I like to use seedless ones to make watermelon juice.  I cut the watermelon into small chunks.  I add them to the blender and blend it.  It's a great solution if the watermelon is not sweet as you can add a little sugar to it while blending.  

Pour it into large pitchers and hit it with some lemon juice and then just serve it in large glasses.  It goes well with a BBQ and since we are a strict no-alcohol family it works as a great option for our guests.  I have yet to have someone not enjoy this drink.


----------



## GB (Aug 7, 2006)

I would be another who would not not enjoy it Yakuta  That sounds simple and so delicious!


----------



## Alix (Aug 7, 2006)

You know, now that I think of it, they don't seem to sell the seeded variety around here anymore. I have only seen the seedless for some time. I don't notice a difference in the flavour or juiciness. I DO notice that I won't buy one unless they are 33cents a lb or less!


----------



## Half Baked (Aug 7, 2006)

I rarely see a watermelon with seeds either.  At the farmer's mkt, I can get seedless for $3 but at the grocery store they vary from $4-$7.

It doesn't matter how much they cost, the season for the best of the best is so short that I'll pay it.


----------



## In the Kitchen (Aug 7, 2006)

*watermelon*

Yakuta, I knew you would have something different and delicious.  Just sounds so good.
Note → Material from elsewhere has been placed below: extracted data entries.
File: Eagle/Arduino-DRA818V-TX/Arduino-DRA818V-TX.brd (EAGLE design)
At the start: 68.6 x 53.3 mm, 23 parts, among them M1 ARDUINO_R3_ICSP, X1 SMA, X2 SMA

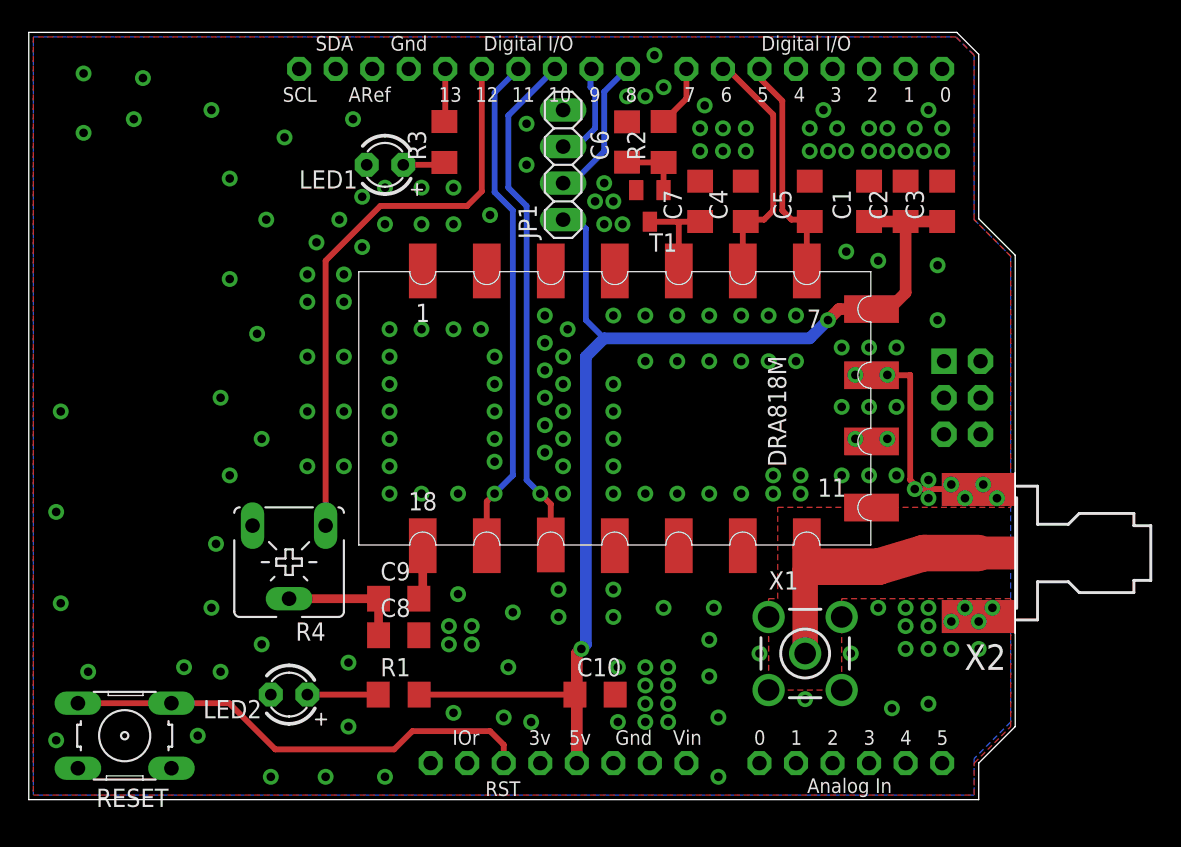
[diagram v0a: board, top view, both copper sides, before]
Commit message: Using 0805 SMDs
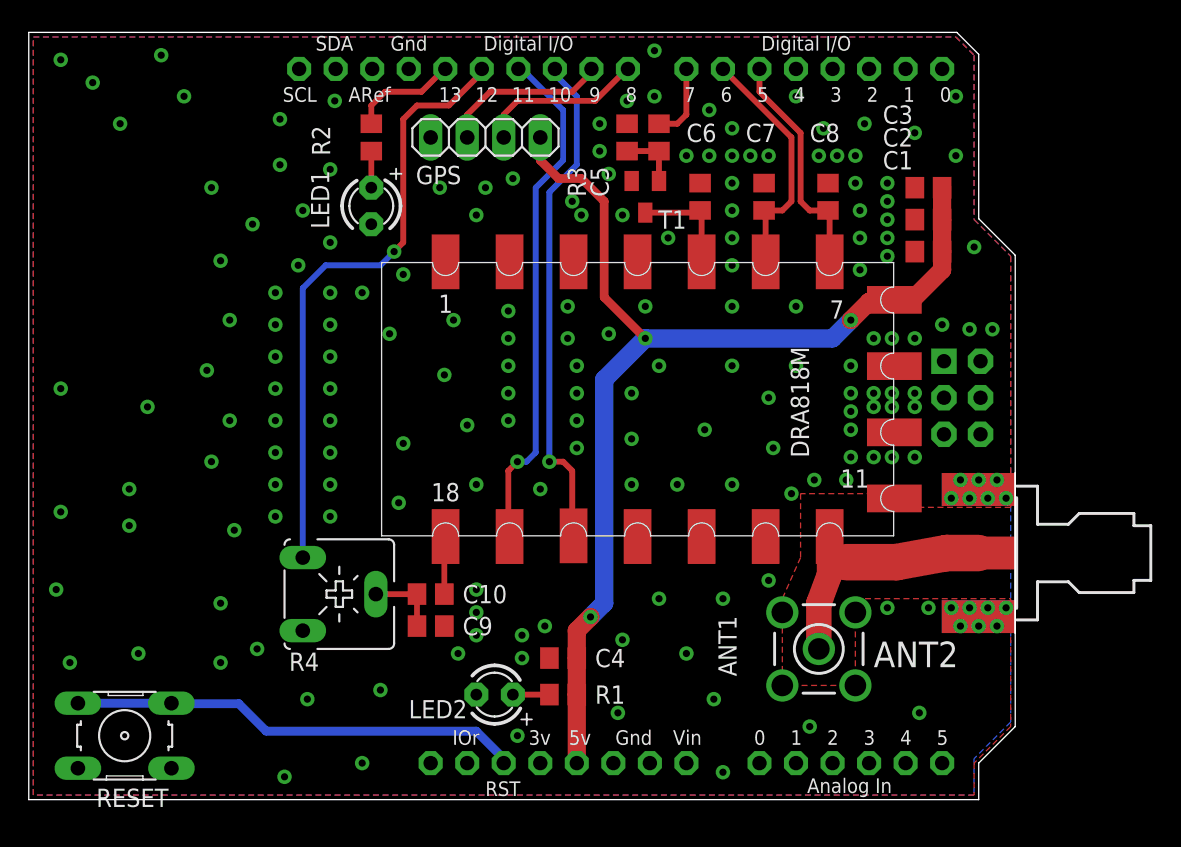
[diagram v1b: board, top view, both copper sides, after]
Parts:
- removed JP1: (no value), pinhead:1X04
- removed X1: SMA, con-coax:LTI-SASF54GT
- added ANT1: 50 Z, con-coax:LTI-SASF54GT
- added GPS: + TX RX GND, pinhead:1X04
- ANT2: value SMA -> 50 Z
- C1, C10, C2, C5, C6, C7, C8: device resistor:C1206 -> resistor:C0805
- C3, C9: value 1u -> 100n; device resistor:C1206 -> resistor:C0805
- C4: value 100n -> 1u; device resistor:C1206 -> resistor:C0805
- R1: device resistor:R1206 -> resistor:R0805
- R2: value 1k -> 560; device resistor:R1206 -> resistor:R0805
- R3: value 560 -> 5k6; device resistor:R1206 -> resistor:R0805
- moved C8 42.7 mm to (70.2, 73.7), turned to 90 degrees
- moved C4 34.2 mm to (51.8, 41.6), turned to 180 degrees
- moved R2 20.3 mm to (38.4, 77.8)
- moved R3 14.9 mm to (58.4, 77.8)
- moved LED2 14.3 mm to (47.0, 39.1)
- moved C5 13.5 mm to (56.2, 77.8)
- moved C10 13.4 mm to (42.5, 46.0)
- moved R1 11.4 mm to (51.8, 39.1)
- moved C6 6.35 mm to (61.3, 73.7)
- moved C1 5.41 mm to (77.2, 69.8), turned to 180 degrees
- moved C7 4.46 mm to (65.7, 73.7)
- moved R4 4.14 mm to (36.2, 46.0), turned to 270 degrees
- moved LED1 3.01 mm to (38.4, 73.0), turned to 270 degrees
- moved C9 2.93 mm to (42.5, 43.8)
- moved C2 2.03 mm to (77.2, 72.1), turned to 180 degrees
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- renumbered X2 to ANT2
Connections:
- net +5V: now also C4.1, GPS.1; no longer C10.1, JP1.1
- net AF_NORM: now also C10.2; no longer C9.2
- net GND: now also ANT1.2, ANT1.3, ANT1.4, ANT1.5, C9.2, GPS.4; no longer C10.2, JP1.4, X1.2, X1.3, X1.4, X1.5
- net LED_BUILTIN: now also R2.2; no longer R3.2
- net N$5: now also ANT1.1; no longer X1.1
- net N$7: now also C5.1, R3.1; no longer C6.1, R2.1
- net N$8: now also R2.1; no longer R3.1
- net N$9: now also C10.1; no longer C8.1
- net PD: now also C7.1; no longer C4.1
- net POW: now also C8.1; no longer C5.1
- net PTT: now also R3.2; no longer R2.2
- net PTT_SW: now also C6.1; no longer C7.1
- net RXD_GPS: now also GPS.2; no longer JP1.2
- net TXD_GPS: now also GPS.3; no longer JP1.3
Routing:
- net GND: track 18.6 -> 0.00 mm, vias 213 -> 188
- net +5V: track 83.6 -> 77.9 mm, vias 2 -> 3
- net TXD_GPS: track 7.03 -> 11.7 mm
- net LED_BUILTIN: track 3.68 -> 7.47 mm
- net N$9: track 8.76 -> 5.08 mm
- net AF_OUT: track 39.8 -> 42.7 mm, vias 0 -> 1
- net N$41: track 4.93 -> 2.54 mm
- net RXD_GPS: track 10.2 -> 11.5 mm
- net RESET: track 33.1 -> 32.1 mm
- net PTT: track 4.32 -> 5.34 mm
- net TXD_DRJ: track 35.1 -> 36.0 mm
- net RXD_DRJ: track 35.7 -> 35.1 mm
- net PTT_SW: track 6.96 -> 7.49 mm

Next time I get one not too sweet know what to do.  Wonder why I couldn't think of that.  

GB  that  sounds like so much fun.  Keep it  up so she doesn't forget.  You really enjoy her don't you?  Got to have another one to enjoy more.  They grow too fast.  Just like the wat ermelon here and gone.  I just love summer for the fruit it offers.

I feel so refreshed after I had melon that was in fridge for while. Better than anything.  Always worth the clean up afterwards and usually me that does it alone.  Seeds and all.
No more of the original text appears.